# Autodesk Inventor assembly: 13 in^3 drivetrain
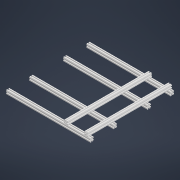
[picture p0: Inventor's stored thumbnail of the model, 180x180]
Saved by Autodesk Inventor 2022 (Build 260153000, 153)
## iProperties
Created: 2021-10-01
Part Number: 13 in^3 drivetrain
Document SubType Name: Assembly
Designer: izack
Author: izack
## Documents named in this file (2)
- E:\CAD Modeling\GithubCAD\ComputerAidedDesign\2021-22\FTC\#13822 Robovikes\Proof of Concept\13 in^3 drivetrain.iam
- E:\CAD Modeling\GithubCAD\ComputerAidedDesign\2021-22\FTC\#13822 Robovikes\Proof of Concept\15mm Extrusion - 330.2mm - 90° Ends.ipt
## Components (6 placed, 1 different names)
1. 15mm Extrusion - 330.2mm - 90° Ends:1 — Flush:1, Mate:1, Flush:2, Mate:2, Flush:5, Mate:6, Flush:7
2. 15mm Extrusion - 330.2mm - 90° Ends:2 — Flush:1, Mate:1, Flush:3, Mate:3
3. 15mm Extrusion - 330.2mm - 90° Ends:3 — Flush:2, Mate:2, Flush:4, Mate:5, Mate:7
4. 15mm Extrusion - 330.2mm - 90° Ends:4 — Mate:6, Flush:7, Mate:7
5. 15mm Extrusion - 330.2mm - 90° Ends:5 — Mate:4, Mate:5, Flush:6
6. 15mm Extrusion - 330.2mm - 90° Ends:6 — Flush:3, Flush:4, Mate:3, Flush:5, Mate:4, Flush:6
## Relationships (14: Flush 7, Mate 7)
- Flush:1: 15mm Extrusion - 330.2mm - 90° Ends:1 ↔ 15mm Extrusion - 330.2mm - 90° Ends:2
- Mate:1: 15mm Extrusion - 330.2mm - 90° Ends:1 ↔ 15mm Extrusion - 330.2mm - 90° Ends:2
- Flush:2: 15mm Extrusion - 330.2mm - 90° Ends:1 ↔ 15mm Extrusion - 330.2mm - 90° Ends:3
- Mate:2: 15mm Extrusion - 330.2mm - 90° Ends:1 ↔ 15mm Extrusion - 330.2mm - 90° Ends:3
- Flush:3: 15mm Extrusion - 330.2mm - 90° Ends:2 ↔ 15mm Extrusion - 330.2mm - 90° Ends:6
- Flush:4: 15mm Extrusion - 330.2mm - 90° Ends:3 ↔ 15mm Extrusion - 330.2mm - 90° Ends:6
- Mate:3: 15mm Extrusion - 330.2mm - 90° Ends:2 ↔ 15mm Extrusion - 330.2mm - 90° Ends:6
- Flush:5: 15mm Extrusion - 330.2mm - 90° Ends:1 ↔ 15mm Extrusion - 330.2mm - 90° Ends:6
- Mate:4 (76.2 mm): 15mm Extrusion - 330.2mm - 90° Ends:5 ↔ 15mm Extrusion - 330.2mm - 90° Ends:6
- Mate:5: 15mm Extrusion - 330.2mm - 90° Ends:3 ↔ 15mm Extrusion - 330.2mm - 90° Ends:5
- Flush:6: 15mm Extrusion - 330.2mm - 90° Ends:5 ↔ 15mm Extrusion - 330.2mm - 90° Ends:6
- Mate:6 (76.2 mm): 15mm Extrusion - 330.2mm - 90° Ends:1 ↔ 15mm Extrusion - 330.2mm - 90° Ends:4
- Flush:7: 15mm Extrusion - 330.2mm - 90° Ends:1 ↔ 15mm Extrusion - 330.2mm - 90° Ends:4
- Mate:7: 15mm Extrusion - 330.2mm - 90° Ends:3 ↔ 15mm Extrusion - 330.2mm - 90° Ends:4

- - - -

▶ _Problem to solve_: In repeating the lines above, keep the wording exact and leave every picture out.

▶ _Solution to this problem_:
# Autodesk Inventor assembly: 13 in^3 drivetrain
[picture p0: Inventor's stored thumbnail of the model, 180x180]
Saved by Autodesk Inventor 2022 (Build 260153000, 153)
## iProperties
Created: 2021-10-01
Part Number: 13 in^3 drivetrain
Document SubType Name: Assembly
Designer: izack
Author: izack
## Documents named in this file (2)
- E:\CAD Modeling\GithubCAD\ComputerAidedDesign\2021-22\FTC\#13822 Robovikes\Proof of Concept\13 in^3 drivetrain.iam
- E:\CAD Modeling\GithubCAD\ComputerAidedDesign\2021-22\FTC\#13822 Robovikes\Proof of Concept\15mm Extrusion - 330.2mm - 90° Ends.ipt
## Components (6 placed, 1 different names)
1. 15mm Extrusion - 330.2mm - 90° Ends:1 — Flush:1, Mate:1, Flush:2, Mate:2, Flush:5, Mate:6, Flush:7
2. 15mm Extrusion - 330.2mm - 90° Ends:2 — Flush:1, Mate:1, Flush:3, Mate:3
3. 15mm Extrusion - 330.2mm - 90° Ends:3 — Flush:2, Mate:2, Flush:4, Mate:5, Mate:7
4. 15mm Extrusion - 330.2mm - 90° Ends:4 — Mate:6, Flush:7, Mate:7
5. 15mm Extrusion - 330.2mm - 90° Ends:5 — Mate:4, Mate:5, Flush:6
6. 15mm Extrusion - 330.2mm - 90° Ends:6 — Flush:3, Flush:4, Mate:3, Flush:5, Mate:4, Flush:6
## Relationships (14: Flush 7, Mate 7)
- Flush:1: 15mm Extrusion - 330.2mm - 90° Ends:1 ↔ 15mm Extrusion - 330.2mm - 90° Ends:2
- Mate:1: 15mm Extrusion - 330.2mm - 90° Ends:1 ↔ 15mm Extrusion - 330.2mm - 90° Ends:2
- Flush:2: 15mm Extrusion - 330.2mm - 90° Ends:1 ↔ 15mm Extrusion - 330.2mm - 90° Ends:3
- Mate:2: 15mm Extrusion - 330.2mm - 90° Ends:1 ↔ 15mm Extrusion - 330.2mm - 90° Ends:3
- Flush:3: 15mm Extrusion - 330.2mm - 90° Ends:2 ↔ 15mm Extrusion - 330.2mm - 90° Ends:6
- Flush:4: 15mm Extrusion - 330.2mm - 90° Ends:3 ↔ 15mm Extrusion - 330.2mm - 90° Ends:6
- Mate:3: 15mm Extrusion - 330.2mm - 90° Ends:2 ↔ 15mm Extrusion - 330.2mm - 90° Ends:6
- Flush:5: 15mm Extrusion - 330.2mm - 90° Ends:1 ↔ 15mm Extrusion - 330.2mm - 90° Ends:6
- Mate:4 (76.2 mm): 15mm Extrusion - 330.2mm - 90° Ends:5 ↔ 15mm Extrusion - 330.2mm - 90° Ends:6
- Mate:5: 15mm Extrusion - 330.2mm - 90° Ends:3 ↔ 15mm Extrusion - 330.2mm - 90° Ends:5
- Flush:6: 15mm Extrusion - 330.2mm - 90° Ends:5 ↔ 15mm Extrusion - 330.2mm - 90° Ends:6
- Mate:6 (76.2 mm): 15mm Extrusion - 330.2mm - 90° Ends:1 ↔ 15mm Extrusion - 330.2mm - 90° Ends:4
- Flush:7: 15mm Extrusion - 330.2mm - 90° Ends:1 ↔ 15mm Extrusion - 330.2mm - 90° Ends:4
- Mate:7: 15mm Extrusion - 330.2mm - 90° Ends:3 ↔ 15mm Extrusion - 330.2mm - 90° Ends:4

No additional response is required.